Pazar 17.01.2016
Son Güncelleme: Pazar 17.01.2016

İmparatorluk geleneğinden gelmeseydik bu sarsıntılara dayanamazdık

Erhan Afyoncu son dönemde İslam coğrafyasında yükselen mezhepçilik, ırkçılık ve hoşgörüsüzlüğü tarihçi gözüyle değerlendirdi. Afyoncu, "Avrupa'nın herhangi bir ülkesinde Türkiye'deki terör olaylarının yarısı meydana gelseydi iç savaş çıkardı. Biz İslami kimliğimiz ve imparatorluk geleneğimizle bu felaketten uzak durduk" diyor

Tarihçi geçmiş olayları, kurumları, insanları ve düşünceleri incelemekle kalmaz, bu bilgiler ışığında günümüzde yaşanan olaylara da bu tecrübe doğrultusunda ışık tutar. Mezhep ve ırkçılık fitnesinin yeniden uyandığı bu coğrafyada geçmiş tecrübelere ve tarihçilerin bilgi birikimine çok fazla ihtiyacımız var. Son dönemde İslam coğrafyasında giderek yükselen Batı desteğiyle giderek yükselen mezhepçilik, tekfircilik, ırkçılık ve hoşgörüsüzlük tarihçi gözüyle hiç değerlendirilmedi. Tarihte bu tür olaylar yaşandı mı? Müslümanlar bu sıkıntılardan nasıl kurtulabilir? Tarihçilerin, geçmiş tecrübelerden yola çıkarak bu konularda söyleyecekleri var mı? Aklımıza takılan tüm soruları son dönemde önemli tespitleri ile adını duyuran tarihçi Erhan Afyoncu'ya sorduk.
- Türkiye'de terörü perdeleyen ve her fırsatta 'katil devlet' vurgusu yapmaktan çekinmeyen bir kitle var. Bir tarihçi olarak bu bakış açısına ne diyeceksiniz?
- SSCB'nin yıkılmasından sonra bizdeki sosyalistler işsiz kaldılar ve her fırsatta ele geçiremedikleri devletten intikam almak için faaliyet gösteriyorlar. Ermeni meselesi gibi Türkiye'nin birçok milli meselesinde aynı isimlerin bildiriler yayınladığını görüyoruz. Barış kisvesi altına saklanılarak canlarını hiçe sayan güvenlik güçlerimiz karalanıyor. Türk ordusu terör operasyonu yaptığı yerlerde taş üstünde taş bırakmayarak o bölgelerde bir günde asayişi sağlayamaz mı? Çok rahat sağlar.
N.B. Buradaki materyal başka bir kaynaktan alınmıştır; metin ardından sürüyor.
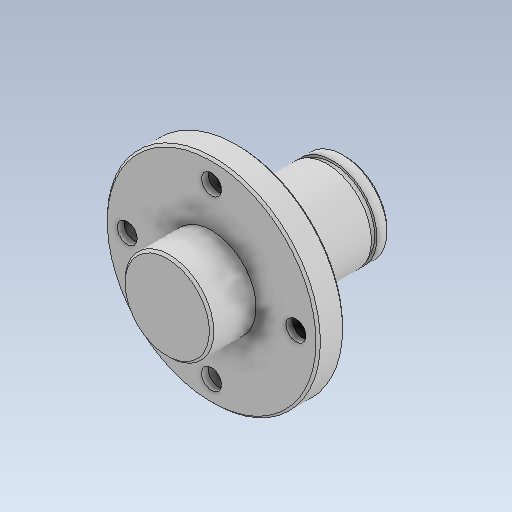
# Autodesk Inventor part: Peça41
Saved by Autodesk Inventor 2021 (Build 250183000, 183)
## iProperties
Category: 41
Created: 2021-07-23
Part Number: Peça41
Material: Genérico
Document SubType Name: Modeling
Designer: Giovanni
Density: 1 g/cm^3
Appearance: Padrão
User Status: 1:1
Author: Giovanni
Keywords: 24
Autodesk Inventor part; units mm, degrees
ref_plane "YZ Plane" through (0, 0, 0) normal (1, 0, 0) x (0, 1, 0)
ref_plane "XZ Plane" through (0, 0, 0) normal (0, 1, 0) x (-1, 0, 0)
ref_plane "XY Plane" through (0, 0, 0) normal (0, 0, 1) x (1, 0, 0)
sketch "Esboço1" plane through (0, 0, 0) normal (0, 0, 1) x (1, 0, 0)
  circle A0 centre (0, 0) radius 24
  dimension "d0" = 48
  constraints: 1 centre point, 1 coincident
  measures "d0" diameter of A0
extrude "Extrusão1" add sketch "Esboço1" along normal blind 6
sketch "Esboço2" plane through (0, 0, 6) normal (0, 0, 1) x (1, 0, 0)
  circle A0 centre (0, 0) radius 24 projected
  circle A1 centre (0, 0) radius 10
  dimension "d3" = 20
  constraints: 1 centre point, 1 coincident
  measures "d3" diameter of A1
extrude "Extrusão2" add sketch "Esboço2" along normal blind 10 contours A1
sketch "Esboço3" plane through (0, 0, 0) normal (0, 0, -1) x (-1, 0, 0)
  circle A0 centre (0, 0) radius 24 projected
  circle A1 centre (0, 0) radius 14
  dimension "d6" = 28
  constraints: 1 centre point, 1 coincident
  measures "d6" diameter of A1
extrude "Extrusão3" add sketch "Esboço3" along normal blind 4 contours A1
sketch "Esboço4" plane through (0, 0, -4) normal (0, 0, -1) x (-1, 0, 0)
  circle A0 centre (0, 0) radius 14 projected
  circle A1 centre (0, 0) radius 10
  dimension "d9" = 20
  constraints: 1 centre point, 1 coincident
  measures "d9" diameter of A1
extrude "Extrusão4" add sketch "Esboço4" along normal blind 20 contours A1
sketch "Esboço5" plane through (0, 0, 0) normal (1, 0, 0) x (0, 1, 0)
  line L0 (10, -20) -> (9.5, -20)
  line L1 (9.5, -20) -> (9.5, -21.25)
  line L2 (9.5, -21.25) -> (10, -21.25)
  line L3 (10, -21.25) -> (10, -20)
  line L4 (-10, -24) -> (10, -24) projected
  line L5 (0, -32) -> (0, 24) projected
  point P0 (0, 0)
  dimension "d12" = 1.25
  dimension "d13" = 4
  dimension "d14" = 9.5
  constraints: 8 end point, 2 parallel, 1 horizontal, 1 perpendicular, 1 vertical alignment
  measures "d12" distance between parallel lines of L2 L0
  measures "d13" distance between parallel lines of L0 L4
  measures "d14" horizontal distance of point (0, 0) L0.end
revolve "Revolução1" cut sketch "Esboço5" angle 360 about axis through (0, 0, -10) along (0, 0, 1)
sketch "Esboço6" plane through (0, 0, 0) normal (0, 0, -1) x (-1, 0, 0)
  circle A0 centre (0, 0) radius 14 projected
  point P0 (19, 0)
  dimension "d16" = 19
  constraints: 1 horizontal alignment
  measures "d16" distance of A0.centre point (19, 0)
hole "Furo1" at (-19, 0, 0) direction (0, 0, 1) diameter 4.5 end through all counterbore diameter 8 counterbore depth 4.5 clearance for "Socket Head Cap Screw DIN EN ISO 4762" size "M4" standard "DIN"
pattern_circular "Padrão circular1" count 4 over 360 about axis through (0, 0, 0) along (0, 0, 1) of "Furo1"
chamfer "Chanfro1" distance 0.5 angle 45 5 edges at (-10, 0, 16) (-24, 0, 6) (-24, 0, 0) (14, 0, -4) (10, 0, -24)
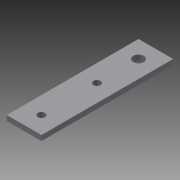
# Autodesk Inventor part: servo catch front c
Saved by Autodesk Inventor 2015 (Build 190159000, 159)
## iProperties
Created: 2015-06-24
Part Number: servo catch front c
Material: 一般
Document SubType Name: Modeling
Designer: kenta
Density: 1 g/cm^3
Appearance: 既定
Author: kenta
Autodesk Inventor part; units mm, degrees
ref_plane "YZ Plane" through (0, 0, 0) normal (1, 0, 0) x (0, 1, 0)
ref_plane "XZ Plane" through (0, 0, 0) normal (0, 1, 0) x (-1, 0, 0)
ref_plane "XY Plane" through (0, 0, 0) normal (0, 0, 1) x (1, 0, 0)
sketch "スケッチ1" plane through (0, 0, 0) normal (0, 0, 1) x (1, 0, 0)
  line L0 (-5, 19) -> (5, 19)
  line L1 (5, 19) -> (5, -19)
  line L2 (5, -19) -> (-5, -19)
  line L3 (-5, -19) -> (-5, 19)
  line L4 (-5, 19) -> (5, -19) construction
  line L5 (5, 19) -> (-5, -19) construction
  point P0 (0, 0)
  dimension "d0" = 10
  dimension "d1" = 38
  constraints: 12 end point, 2 midpoint, 2 parallel, 1 horizontal, 1 perpendicular
  measures "d0" distance of L1.end L2.end
  measures "d1" distance of L0.end L1.end
extrude "押し出し1" add sketch "スケッチ1" along normal blind 1.5
sketch "スケッチ2" plane through (0, 0, 1.5) normal (0, 0, 1) x (1, 0, 0)
  line L0 (5, 19) -> (-5, 19) projected
  line L1 (5, -19) -> (5, 19) projected
  line L2 (-5, -19) -> (5, -19) projected
  point P0 (0, 0)
  point P1 (0, -14)
  point P2 (0, 2)
  dimension "d6" = 5
  dimension "d7" = 5
  dimension "d8" = 16
  measures "d6" distance from line of point (0, -14) L2
  measures "d7" distance from line of point (0, -14) L1
  measures "d8" distance of point (0, 2) point (0, -14)
hole "穴1" at (0, -14, 1.5) at (0, 2, 1.5) direction (0, 0, -1) diameter 2.1 end through all
sketch "スケッチ3" plane through (0, 0, 1.5) normal (0, 0, 1) x (1, 0, 0)
  line L0 (5, 19) -> (-5, 19) projected
  line L1 (5, -19) -> (5, 19) projected
  point P0 (0, 0)
  point P1 (0, 14)
  dimension "d16" = 5
  dimension "d17" = 5
  measures "d16" distance from line of point (0, 14) L0
  measures "d17" distance from line of point (0, 14) L1
hole "穴2" at (0, 14, 1.5) direction (0, 0, -1) diameter 3.1 end through all

Ancak halkın zarar görmemesi için kendi canlarını feda ederek adım adım asayişi sağlamaya çalışıyorlar. Niye bu fedakârlık görülmüyor?
- Tarihi belgelerde yer alan Kürdistan vurgusu, bölücü örgüt tarafından referans olarak gösteriliyor. Bu Kürdistan kelimesi ne anlama geliyor?
-
Osmanlı belgelerinde geçen Kürdistan ifadesini, tarihi altyapısına bakmadan siyasi amaçları için kullanmaya çalışıyorlar. Birleşik Krallığa bağlı İskoçya gibi bir model peşindeler ancak farkında olmadıkları İskoçya tarihi bir krallıktır ve 1707'de iki ülke parlamentolarının onayladıkları Birleşme Yasası ile birleşmişlerdir. Kürdistan isminin ise tarihte böyle idari bir geçmişi yok. Osmanlı döneminde Kürdistan, 19. yüzyıldaki kısa bir dönem hariç, idari değil coğrafi bir bölgenin adıydı ve bütün Güneydoğu Anadolu'yu içine almıyordu. Osmanlı'nın Kürdistan diye nitelendirdiği coğrafya Cizre, Bitlis, Hasankeyf, Siverek, Çemişgezek gibi genellikle bir kalesi olan aşiret beylerinin yönetimindeki bölgelerdir. Osmanlı döneminde Diyarbekir, Van, Urfa, Mardin gibi bölgeler merkezden gönderilen valiler tarafından yönetilmiştir. 1847 yılının aralık ayında Kürdistan Eyaleti kuruldu. Merkezi Ahlat olan bu eyalet Diyarbekir Eyaleti ile Muş, Van, Hakkâri sancakları ve Mardin, Cizre, Bohtan kazaları bir araya getirilerek oluşturulmuştu. Zamanla bu eyaletin sınırları değiştirildi. Kürdistan eyaletinin Osmanlı idari tarihindeki yeri yaklaşık 20 yıldır.
- İslam dünyası yüzyıllar sonra yine mezhep savaşlarının ortasında kaldı. Bu vahşeti sadece bir mezhep savaşı olarak görmek tarihsel gerçeklerle örtüşüyor mu?
- Mezhep savaşları din savaşlarından daha acı sonuçlar verir. Çünkü mezhep savaşları sadece ülkeler arasında olmaz. Birçok ülkede iç savaşa da sebep olur. Avrupa asırlarca bununla uğraştı. En dikkat edilmesi gereken meselelerden birisi bu durum. Avrupa'daki kadar şiddetli olmasa da mezhep savaşları İslam dünyasında da yaşandı. İslam dünyasında mezhep savaşlarının Avrupa'daki kadar yayılmamasının sebeplerinden biri Selçukluların İslam dünyasında önemli bir rol oynayarak Abbasi Hilafeti'ni Şiî Büveyhilerin baskısından kurtarmasıdır. Osmanlı İmparatorluğu'nun dünyaya yön veren gücü ve büyüklüğü de mezhep savaşlarını
kontrol altına alan bir unsur olmuştur.
UÇAK VURULDU, PUTİN'İN KARİZMASI ÇİZİLDİ

- Türkiye ve Rusya iki büyük imparatorluğun tarihsel mirasçısı. Geçtiğimiz ay uçak krizi ile başlayan gerilim yükselerek devam ediyor. Bu gerilimin tarihsel bir arka planı var mı?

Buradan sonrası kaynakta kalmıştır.